Tuesday, December 4, 2012

6w5d: So Frustrated

I’m on the verge of a complete breakdown right now because I’m so frustrated. Why the hell is it so hard for doctor’s offices to, oh I don’t know, do their freaking job?!

Monday I called my midwife’s office, same lady I saw before who works with Dr. Awesome. I reminded them that my Crinone will be out as of Wednesday and I need my refill, and casually asked about my u/s. Imagine my shock when the chick tells me I don’t get one until 20 weeks. WTF?! I kept my cool though. I calmly told her that I spoke with Lynnette about this and she agreed that I’d need an u/s at my appointment to ensure that everything is progressing as it should so we can make a game plan. She said she’d get with the midwife and someone would call me back.

Lynnette called me back. First, I had to tell her what supplement I was on. Really?! You couldn’t just grab my damn chart and take a look? Then I had to tell her how much and how often and how many refills I would need. Who’s the flucking medical professional here? Then she tells me that no one scheduled my u/s and I might not be able to get in until after the first of the year when I’m already in my 2nd trimester. Not working for me. I explained to her the conversation we had, I went over everything, again, and she said she would speak with the tech and get back to me about when they can get me in.

This morning I still had not heard back. I’m a firm believer in taking control of your own life so once I realized my script still hadn’t been called in I called the office again. Left another message about my Crinone being out TOMORROW and needing it ASAP. I also mentioned, again, I need to know what they figured out about my u/s. That was at 10 am. Never heard back. As of this evening still no script for Crinone called in.
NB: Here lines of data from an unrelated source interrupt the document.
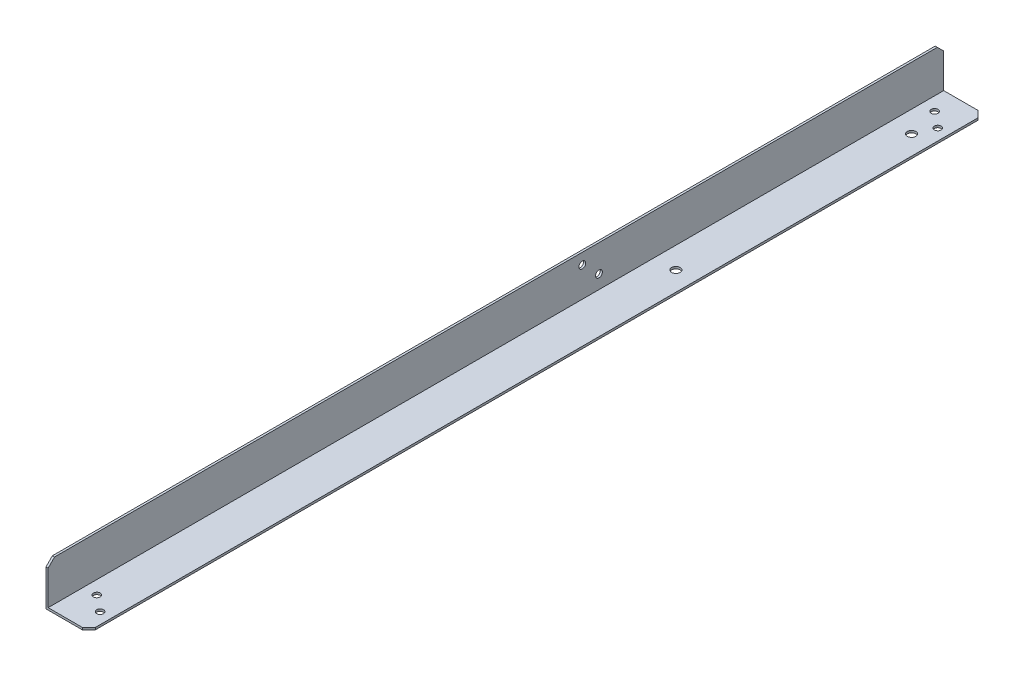
ISO-10303-21;
HEADER;
FILE_DESCRIPTION(('STEP AP214'),'2;1');
FILE_NAME('part.step','',(''),(''),'','','');
FILE_SCHEMA(('AUTOMOTIVE_DESIGN { 1 0 10303 214 1 1 1 1 }'));
ENDSEC;
DATA;
#1=APPLICATION_CONTEXT('core data for automotive mechanical design processes');
#2=APPLICATION_PROTOCOL_DEFINITION('international standard','automotive_design',2000,#1);
#3=PRODUCT_CONTEXT('',#1,'mechanical');
#4=PRODUCT('Part','Part','',(#3));
#5=PRODUCT_RELATED_PRODUCT_CATEGORY('part','',(#4));
#6=PRODUCT_DEFINITION_FORMATION('','',#4);
#7=PRODUCT_DEFINITION_CONTEXT('part definition',#1,'design');
#8=PRODUCT_DEFINITION('design','',#6,#7);
#9=PRODUCT_DEFINITION_SHAPE('','',#8);
#10=(LENGTH_UNIT() NAMED_UNIT(*) SI_UNIT(.MILLI.,.METRE.));
#11=(NAMED_UNIT(*) PLANE_ANGLE_UNIT() SI_UNIT($,.RADIAN.));
#12=(NAMED_UNIT(*) SI_UNIT($,.STERADIAN.) SOLID_ANGLE_UNIT());
#13=UNCERTAINTY_MEASURE_WITH_UNIT(LENGTH_MEASURE(1.E-05),#10,'distance_accuracy_value','');
#14=(GEOMETRIC_REPRESENTATION_CONTEXT(3) GLOBAL_UNCERTAINTY_ASSIGNED_CONTEXT((#13)) GLOBAL_UNIT_ASSIGNED_CONTEXT((#10,
#11,#12)) REPRESENTATION_CONTEXT('',''));
#15=CARTESIAN_POINT('',(0.,0.,0.));
#16=DIRECTION('',(0.,0.,1.));
#17=DIRECTION('',(1.,0.,0.));
#18=AXIS2_PLACEMENT_3D('',#15,#16,#17);
#19=CARTESIAN_POINT('',(20.,1.,418.));
#20=DIRECTION('',(0.,-1.,0.));
#21=DIRECTION('',(1.,0.,0.));
#22=AXIS2_PLACEMENT_3D('',#19,#20,#21);
#23=PLANE('',#22);
#24=CARTESIAN_POINT('',(11.,0.999999999999999,25.));
#25=DIRECTION('',(0.,1.,0.));
#26=DIRECTION('',(0.,0.,1.));
#27=AXIS2_PLACEMENT_3D('',#24,#25,#26);
#28=CIRCLE('',#27,2.);
#29=CARTESIAN_POINT('',(11.,0.999999999999999,27.));
#30=VERTEX_POINT('',#29);
#31=EDGE_CURVE('E250',#30,#30,#28,.T.);
#32=ORIENTED_EDGE('',*,*,#31,.F.);
#33=EDGE_LOOP('',(#32));
#34=FACE_BOUND('',#33,.T.);
#35=CARTESIAN_POINT('',(11.,0.999999999999999,135.));
#36=DIRECTION('',(0.,1.,0.));
#37=DIRECTION('',(0.,0.,1.));
#38=AXIS2_PLACEMENT_3D('',#35,#36,#37);
#39=CIRCLE('',#38,2.);
#40=CARTESIAN_POINT('',(11.,0.999999999999999,137.));
#41=VERTEX_POINT('',#40);
#42=EDGE_CURVE('E244',#41,#41,#39,.T.);
#43=ORIENTED_EDGE('',*,*,#42,.F.);
#44=EDGE_LOOP('',(#43));
#45=FACE_BOUND('',#44,.T.);
#46=CARTESIAN_POINT('',(14.75,1.,407.5));
#47=DIRECTION('',(0.,1.,0.));
#48=DIRECTION('',(0.,0.,1.));
#49=AXIS2_PLACEMENT_3D('',#46,#47,#48);
#50=CIRCLE('',#49,1.59999999999999);
#51=CARTESIAN_POINT('',(14.75,1.,409.1));
#52=VERTEX_POINT('',#51);
#53=EDGE_CURVE('E232',#52,#52,#50,.T.);
#54=ORIENTED_EDGE('',*,*,#53,.F.);
#55=EDGE_LOOP('',(#54));
#56=FACE_BOUND('',#55,.T.);
#57=CARTESIAN_POINT('',(7.25,1.,10.5));
#58=DIRECTION('',(0.,1.,0.));
#59=DIRECTION('',(0.,0.,1.));
#60=AXIS2_PLACEMENT_3D('',#57,#58,#59);
#61=CIRCLE('',#60,1.59999999999999);
#62=CARTESIAN_POINT('',(7.25,1.,12.1));
#63=VERTEX_POINT('',#62);
#64=EDGE_CURVE('E226',#63,#63,#61,.T.);
#65=ORIENTED_EDGE('',*,*,#64,.F.);
#66=EDGE_LOOP('',(#65));
#67=FACE_BOUND('',#66,.T.);
#68=CARTESIAN_POINT('',(14.75,1.,16.5));
#69=DIRECTION('',(0.,1.,0.));
#70=DIRECTION('',(0.,0.,1.));
#71=AXIS2_PLACEMENT_3D('',#68,#69,#70);
#72=CIRCLE('',#71,1.59999999999999);
#73=CARTESIAN_POINT('',(14.75,1.,18.1));
#74=VERTEX_POINT('',#73);
#75=EDGE_CURVE('E220',#74,#74,#72,.T.);
#76=ORIENTED_EDGE('',*,*,#75,.F.);
#77=EDGE_LOOP('',(#76));
#78=FACE_BOUND('',#77,.T.);
#79=DIRECTION('',(-1.,0.,0.));
#80=VECTOR('',#79,1.);
#81=CARTESIAN_POINT('',(20.,1.,418.));
#82=LINE('',#81,#80);
#83=CARTESIAN_POINT('',(17.,1.,418.));
#84=VERTEX_POINT('',#83);
#85=CARTESIAN_POINT('',(1.,0.999999999999998,418.));
#86=VERTEX_POINT('',#85);
#87=EDGE_CURVE('E135',#84,#86,#82,.T.);
#88=ORIENTED_EDGE('',*,*,#87,.F.);
#89=DIRECTION('',(0.707106781186541,0.,-0.707106781186554));
#90=VECTOR('',#89,1.);
#91=CARTESIAN_POINT('',(17.,1.,418.));
#92=LINE('',#91,#90);
#93=CARTESIAN_POINT('',(20.,1.,415.));
#94=VERTEX_POINT('',#93);
#95=EDGE_CURVE('E152',#84,#94,#92,.T.);
#96=ORIENTED_EDGE('',*,*,#95,.T.);
#97=DIRECTION('',(0.,0.,-1.));
#98=VECTOR('',#97,1.);
#99=CARTESIAN_POINT('',(20.,1.,418.));
#100=LINE('',#99,#98);
#101=CARTESIAN_POINT('',(20.,1.,2.99999999999995));
#102=VERTEX_POINT('',#101);
#103=EDGE_CURVE('E145',#94,#102,#100,.T.);
#104=ORIENTED_EDGE('',*,*,#103,.T.);
#105=DIRECTION('',(0.707106781186554,0.,0.707106781186541));
#106=VECTOR('',#105,1.);
#107=CARTESIAN_POINT('',(20.,1.,2.99999999999995));
#108=LINE('',#107,#106);
#109=CARTESIAN_POINT('',(17.,1.,0.));
#110=VERTEX_POINT('',#109);
#111=EDGE_CURVE('E150',#102,#110,#108,.F.);
#112=ORIENTED_EDGE('',*,*,#111,.T.);
#113=DIRECTION('',(-1.,0.,0.));
#114=VECTOR('',#113,1.);
#115=CARTESIAN_POINT('',(20.,1.,0.));
#116=LINE('',#115,#114);
#117=CARTESIAN_POINT('',(1.,0.999999999999998,0.));
#118=VERTEX_POINT('',#117);
#119=EDGE_CURVE('E177',#110,#118,#116,.T.);
#120=ORIENTED_EDGE('',*,*,#119,.T.);
#121=DIRECTION('',(0.,0.,-1.));
#122=VECTOR('',#121,1.);
#123=CARTESIAN_POINT('',(1.,0.999999999999998,418.));
#124=LINE('',#123,#122);
#125=EDGE_CURVE('E190',#86,#118,#124,.T.);
#126=ORIENTED_EDGE('',*,*,#125,.F.);
#127=EDGE_LOOP('',(#88,#96,#104,#112,#120,#126));
#128=FACE_BOUND('',#127,.T.);
#129=CARTESIAN_POINT('',(7.25,1.,401.5));
#130=DIRECTION('',(0.,1.,0.));
#131=DIRECTION('',(0.,0.,1.));
#132=AXIS2_PLACEMENT_3D('',#129,#130,#131);
#133=CIRCLE('',#132,1.59999999999999);
#134=CARTESIAN_POINT('',(7.25,1.,403.1));
#135=VERTEX_POINT('',#134);
#136=EDGE_CURVE('E238',#135,#135,#133,.T.);
#137=ORIENTED_EDGE('',*,*,#136,.F.);
#138=EDGE_LOOP('',(#137));
#139=FACE_BOUND('',#138,.T.);
#140=ADVANCED_FACE('F35',(#34,#45,#56,#67,#78,#128,#139),#23,.F.);
#141=CARTESIAN_POINT('',(1.,0.999999999999998,418.));
#142=DIRECTION('',(-1.,0.,0.));
#143=DIRECTION('',(0.,-1.,0.));
#144=AXIS2_PLACEMENT_3D('',#141,#142,#143);
#145=PLANE('',#144);
#146=CARTESIAN_POINT('',(1.,14.85,168.7));
#147=DIRECTION('',(1.,0.,0.));
#148=DIRECTION('',(0.,0.,-1.));
#149=AXIS2_PLACEMENT_3D('',#146,#147,#148);
#150=CIRCLE('',#149,1.6);
#151=CARTESIAN_POINT('',(1.,14.85,167.1));
#152=VERTEX_POINT('',#151);
#153=EDGE_CURVE('E214',#152,#152,#150,.T.);
#154=ORIENTED_EDGE('',*,*,#153,.F.);
#155=EDGE_LOOP('',(#154));
#156=FACE_BOUND('',#155,.T.);
#157=DIRECTION('',(0.,0.,-1.));
#158=VECTOR('',#157,1.);
#159=CARTESIAN_POINT('',(1.,20.,418.));
#160=LINE('',#159,#158);
#161=CARTESIAN_POINT('',(1.,20.,415.));
#162=VERTEX_POINT('',#161);
#163=CARTESIAN_POINT('',(1.,20.,2.99999999999995));
#164=VERTEX_POINT('',#163);
#165=EDGE_CURVE('E192',#162,#164,#160,.T.);
#166=ORIENTED_EDGE('',*,*,#165,.F.);
#167=DIRECTION('',(0.,-0.707106781186541,0.707106781186554));
#168=VECTOR('',#167,1.);
#169=CARTESIAN_POINT('',(1.,17.,418.));
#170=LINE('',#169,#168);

I’m beside myself right now. I’m exactly 1 week out from the point at which I lost Spawn. So obviously I’m a hot mess with fear and then they add this on top of it. Crinone isn’t exactly something the pharmacy keeps on hand so they have to have at least 1 day notice to order it. That means today was my last shot to get the freaking meds before I’m out. As in out out not supplementing the very hormone that failed and cost me my pregnancy last time.

I don’t want to be that patient. I don’t want to be the difficult pain in the ass patient who drives everyone nuts, but on the same token I’m not going to be that naïve patient who puts everything into the medical professionals just to lose it all. It just upsets me that here I thought this woman got it. I can’t see Dr. Awesome so she seemed like a really awesome back up plan. I really thought she understood my fears and my personal situation and would tailor my treatment to that. Apparently being a midwife she looks at everything with goggles on and puts everyone into the same “you’re fine and don’t need anything until much later” category. I’m done.